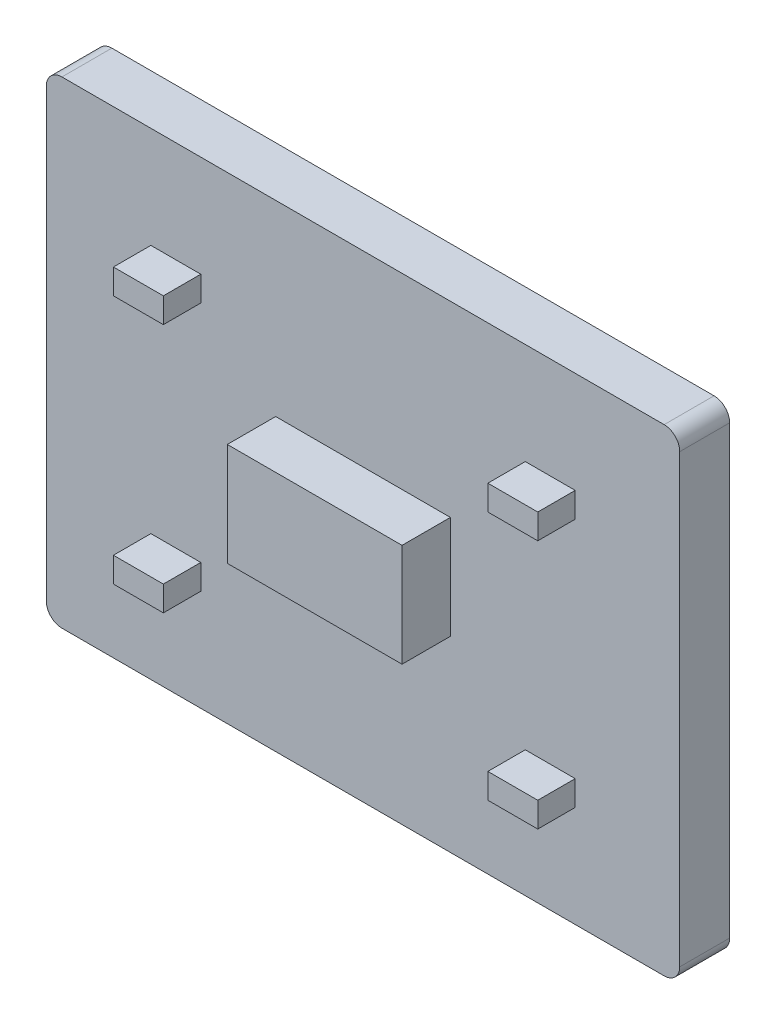
ISO-10303-21;
HEADER;
FILE_DESCRIPTION(('STEP AP214'),'2;1');
FILE_NAME('part.step','',(''),(''),'','','');
FILE_SCHEMA(('AUTOMOTIVE_DESIGN { 1 0 10303 214 1 1 1 1 }'));
ENDSEC;
DATA;
#1=APPLICATION_CONTEXT('core data for automotive mechanical design processes');
#2=APPLICATION_PROTOCOL_DEFINITION('international standard','automotive_design',2000,#1);
#3=PRODUCT_CONTEXT('',#1,'mechanical');
#4=PRODUCT('Part','Part','',(#3));
#5=PRODUCT_RELATED_PRODUCT_CATEGORY('part','',(#4));
#6=PRODUCT_DEFINITION_FORMATION('','',#4);
#7=PRODUCT_DEFINITION_CONTEXT('part definition',#1,'design');
#8=PRODUCT_DEFINITION('design','',#6,#7);
#9=PRODUCT_DEFINITION_SHAPE('','',#8);
#10=(LENGTH_UNIT() NAMED_UNIT(*) SI_UNIT(.MILLI.,.METRE.));
#11=(NAMED_UNIT(*) PLANE_ANGLE_UNIT() SI_UNIT($,.RADIAN.));
#12=(NAMED_UNIT(*) SI_UNIT($,.STERADIAN.) SOLID_ANGLE_UNIT());
#13=UNCERTAINTY_MEASURE_WITH_UNIT(LENGTH_MEASURE(1.E-05),#10,'distance_accuracy_value','');
#14=(GEOMETRIC_REPRESENTATION_CONTEXT(3) GLOBAL_UNCERTAINTY_ASSIGNED_CONTEXT((#13)) GLOBAL_UNIT_ASSIGNED_CONTEXT((#10,
#11,#12)) REPRESENTATION_CONTEXT('',''));
#15=CARTESIAN_POINT('',(0.,0.,0.));
#16=DIRECTION('',(0.,0.,1.));
#17=DIRECTION('',(1.,0.,0.));
#18=AXIS2_PLACEMENT_3D('',#15,#16,#17);
#19=CARTESIAN_POINT('',(19.35,3.85,-2.));
#20=DIRECTION('',(0.,0.,1.));
#21=DIRECTION('',(1.,0.,0.));
#22=AXIS2_PLACEMENT_3D('',#19,#20,#21);
#23=PLANE('',#22);
#24=DIRECTION('',(0.,-1.,0.));
#25=VECTOR('',#24,1.);
#26=CARTESIAN_POINT('',(26.2,12.65,-2.));
#27=LINE('',#26,#25);
#28=CARTESIAN_POINT('',(26.2,12.65,-2.));
#29=VERTEX_POINT('',#28);
#30=CARTESIAN_POINT('',(26.2,9.35,-2.));
#31=VERTEX_POINT('',#30);
#32=EDGE_CURVE('E347',#29,#31,#27,.T.);
#33=ORIENTED_EDGE('',*,*,#32,.F.);
#34=DIRECTION('',(-1.,0.,0.));
#35=VECTOR('',#34,1.);
#36=CARTESIAN_POINT('',(31.8,12.65,-2.));
#37=LINE('',#36,#35);
#38=CARTESIAN_POINT('',(31.8,12.65,-2.));
#39=VERTEX_POINT('',#38);
#40=EDGE_CURVE('E354',#39,#29,#37,.T.);
#41=ORIENTED_EDGE('',*,*,#40,.F.);
#42=DIRECTION('',(0.,1.,0.));
#43=VECTOR('',#42,1.);
#44=CARTESIAN_POINT('',(31.8,9.35,-2.));
#45=LINE('',#44,#43);
#46=CARTESIAN_POINT('',(31.8,9.35,-2.));
#47=VERTEX_POINT('',#46);
#48=EDGE_CURVE('E361',#47,#39,#45,.T.);
#49=ORIENTED_EDGE('',*,*,#48,.F.);
#50=DIRECTION('',(1.,0.,0.));
#51=VECTOR('',#50,1.);
#52=CARTESIAN_POINT('',(26.2,9.35,-2.));
#53=LINE('',#52,#51);
#54=EDGE_CURVE('E358',#31,#47,#53,.T.);
#55=ORIENTED_EDGE('',*,*,#54,.F.);
#56=EDGE_LOOP('',(#33,#41,#49,#55));
#57=FACE_BOUND('',#56,.T.);
#58=CARTESIAN_POINT('',(19.35,3.85,-2.));
#59=DIRECTION('',(0.,0.,1.));
#60=DIRECTION('',(1.,0.,0.));
#61=AXIS2_PLACEMENT_3D('',#58,#59,#60);
#62=CIRCLE('',#61,0.500000000000003);
#63=CARTESIAN_POINT('',(18.85,3.85,-2.));
#64=VERTEX_POINT('',#63);
#65=CARTESIAN_POINT('',(19.35,3.35,-2.));
#66=VERTEX_POINT('',#65);
#67=EDGE_CURVE('E377',#64,#66,#62,.T.);
#68=ORIENTED_EDGE('',*,*,#67,.T.);
#69=DIRECTION('',(1.,0.,0.));
#70=VECTOR('',#69,1.);
#71=CARTESIAN_POINT('',(19.35,3.35,-2.));
#72=LINE('',#71,#70);
#73=CARTESIAN_POINT('',(38.65,3.35,-2.));
#74=VERTEX_POINT('',#73);
#75=EDGE_CURVE('E406',#66,#74,#72,.T.);
#76=ORIENTED_EDGE('',*,*,#75,.T.);
#77=CARTESIAN_POINT('',(38.65,3.84999999999999,-2.));
#78=DIRECTION('',(0.,0.,1.));
#79=DIRECTION('',(1.,0.,0.));
#80=AXIS2_PLACEMENT_3D('',#77,#78,#79);
#81=CIRCLE('',#80,0.499999999999993);
#82=CARTESIAN_POINT('',(39.15,3.85,-2.));
#83=VERTEX_POINT('',#82);
#84=EDGE_CURVE('E407',#74,#83,#81,.T.);
#85=ORIENTED_EDGE('',*,*,#84,.T.);
#86=DIRECTION('',(0.,1.,0.));
#87=VECTOR('',#86,1.);
#88=CARTESIAN_POINT('',(39.15,3.85,-2.));
#89=LINE('',#88,#87);
#90=CARTESIAN_POINT('',(39.15,18.15,-2.));
#91=VERTEX_POINT('',#90);
#92=EDGE_CURVE('E414',#83,#91,#89,.T.);
#93=ORIENTED_EDGE('',*,*,#92,.T.);
#94=CARTESIAN_POINT('',(38.65,18.15,-2.));
#95=DIRECTION('',(0.,0.,1.));
#96=DIRECTION('',(1.,0.,0.));
#97=AXIS2_PLACEMENT_3D('',#94,#95,#96);
#98=CIRCLE('',#97,0.499999999999997);
#99=CARTESIAN_POINT('',(38.65,18.65,-2.));
#100=VERTEX_POINT('',#99);
#101=EDGE_CURVE('E418',#91,#100,#98,.T.);
#102=ORIENTED_EDGE('',*,*,#101,.T.);
#103=DIRECTION('',(-1.,0.,0.));
#104=VECTOR('',#103,1.);
#105=CARTESIAN_POINT('',(38.65,18.65,-2.));
#106=LINE('',#105,#104);
#107=CARTESIAN_POINT('',(19.35,18.65,-2.));
#108=VERTEX_POINT('',#107);
#109=EDGE_CURVE('E420',#100,#108,#106,.T.);
#110=ORIENTED_EDGE('',*,*,#109,.T.);
#111=CARTESIAN_POINT('',(19.35,18.15,-2.));
#112=DIRECTION('',(0.,0.,1.));
#113=DIRECTION('',(1.,0.,0.));
#114=AXIS2_PLACEMENT_3D('',#111,#112,#113);
#115=CIRCLE('',#114,0.500000000000007);
#116=CARTESIAN_POINT('',(18.85,18.15,-2.));
#117=VERTEX_POINT('',#116);
#118=EDGE_CURVE('E425',#108,#117,#115,.T.);
#119=ORIENTED_EDGE('',*,*,#118,.T.);
#120=DIRECTION('',(0.,-1.,0.));
#121=VECTOR('',#120,1.);
#122=CARTESIAN_POINT('',(18.85,18.15,-2.));
#123=LINE('',#122,#121);
#124=EDGE_CURVE('E383',#117,#64,#123,.T.);
#125=ORIENTED_EDGE('',*,*,#124,.T.);
#126=EDGE_LOOP('',(#68,#76,#85,#93,#102,#110,#119,#125));
#127=FACE_BOUND('',#126,.T.);
#128=DIRECTION('',(1.,0.,0.));
#129=VECTOR('',#128,1.);
#130=CARTESIAN_POINT('',(22.2,6.6,-2.));
#131=LINE('',#130,#129);
#132=CARTESIAN_POINT('',(22.2,6.6,-2.));
#133=VERTEX_POINT('',#132);
#134=CARTESIAN_POINT('',(23.8,6.6,-2.));
#135=VERTEX_POINT('',#134);
#136=EDGE_CURVE('E332',#133,#135,#131,.T.);
#137=ORIENTED_EDGE('',*,*,#136,.F.);
#138=DIRECTION('',(0.,-1.,0.));
#139=VECTOR('',#138,1.);
#140=CARTESIAN_POINT('',(22.2,7.4,-2.));
#141=LINE('',#140,#139);
#142=CARTESIAN_POINT('',(22.2,7.4,-2.));
#143=VERTEX_POINT('',#142);
#144=EDGE_CURVE('E290',#143,#133,#141,.T.);
#145=ORIENTED_EDGE('',*,*,#144,.F.);
#146=DIRECTION('',(-1.,0.,0.));
#147=VECTOR('',#146,1.);
#148=CARTESIAN_POINT('',(23.8,7.4,-2.));
#149=LINE('',#148,#147);
#150=CARTESIAN_POINT('',(23.8,7.4,-2.));
#151=VERTEX_POINT('',#150);
#152=EDGE_CURVE('E325',#151,#143,#149,.T.);
#153=ORIENTED_EDGE('',*,*,#152,.F.);
#154=DIRECTION('',(0.,1.,0.));
#155=VECTOR('',#154,1.);
#156=CARTESIAN_POINT('',(23.8,6.6,-2.));
#157=LINE('',#156,#155);
#158=EDGE_CURVE('E334',#135,#151,#157,.T.);
#159=ORIENTED_EDGE('',*,*,#158,.F.);
#160=EDGE_LOOP('',(#137,#145,#153,#159));
#161=FACE_BOUND('',#160,.T.);
#162=DIRECTION('',(1.,0.,0.));
#163=VECTOR('',#162,1.);
#164=CARTESIAN_POINT('',(34.2,14.6,-2.));
#165=LINE('',#164,#163);
#166=CARTESIAN_POINT('',(34.2,14.6,-2.));
#167=VERTEX_POINT('',#166);
#168=CARTESIAN_POINT('',(35.8,14.6,-2.));
#169=VERTEX_POINT('',#168);
#170=EDGE_CURVE('E252',#167,#169,#165,.T.);
#171=ORIENTED_EDGE('',*,*,#170,.F.);
#172=DIRECTION('',(0.,-1.,0.));
#173=VECTOR('',#172,1.);
#174=CARTESIAN_POINT('',(34.2,15.4,-2.));
#175=LINE('',#174,#173);
#176=CARTESIAN_POINT('',(34.2,15.4,-2.));
#177=VERTEX_POINT('',#176);
#178=EDGE_CURVE('E247',#177,#167,#175,.T.);
#179=ORIENTED_EDGE('',*,*,#178,.F.);
#180=DIRECTION('',(-1.,0.,0.));
#181=VECTOR('',#180,1.);
#182=CARTESIAN_POINT('',(35.8,15.4,-2.));
#183=LINE('',#182,#181);
#184=CARTESIAN_POINT('',(35.8,15.4,-2.));
#185=VERTEX_POINT('',#184);
#186=EDGE_CURVE('E226',#185,#177,#183,.T.);
#187=ORIENTED_EDGE('',*,*,#186,.F.);
#188=DIRECTION('',(0.,1.,0.));
#189=VECTOR('',#188,1.);
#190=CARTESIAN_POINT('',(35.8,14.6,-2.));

● **Prompt**
All lines from the one with "#188=DIRECTION('',(0.,1.,0.));" through the end of the data must be repeated exactly, and nothing else may be repeated.

● **Result of the exercise**
#188=DIRECTION('',(0.,1.,0.));
#189=VECTOR('',#188,1.);
#190=CARTESIAN_POINT('',(35.8,14.6,-2.));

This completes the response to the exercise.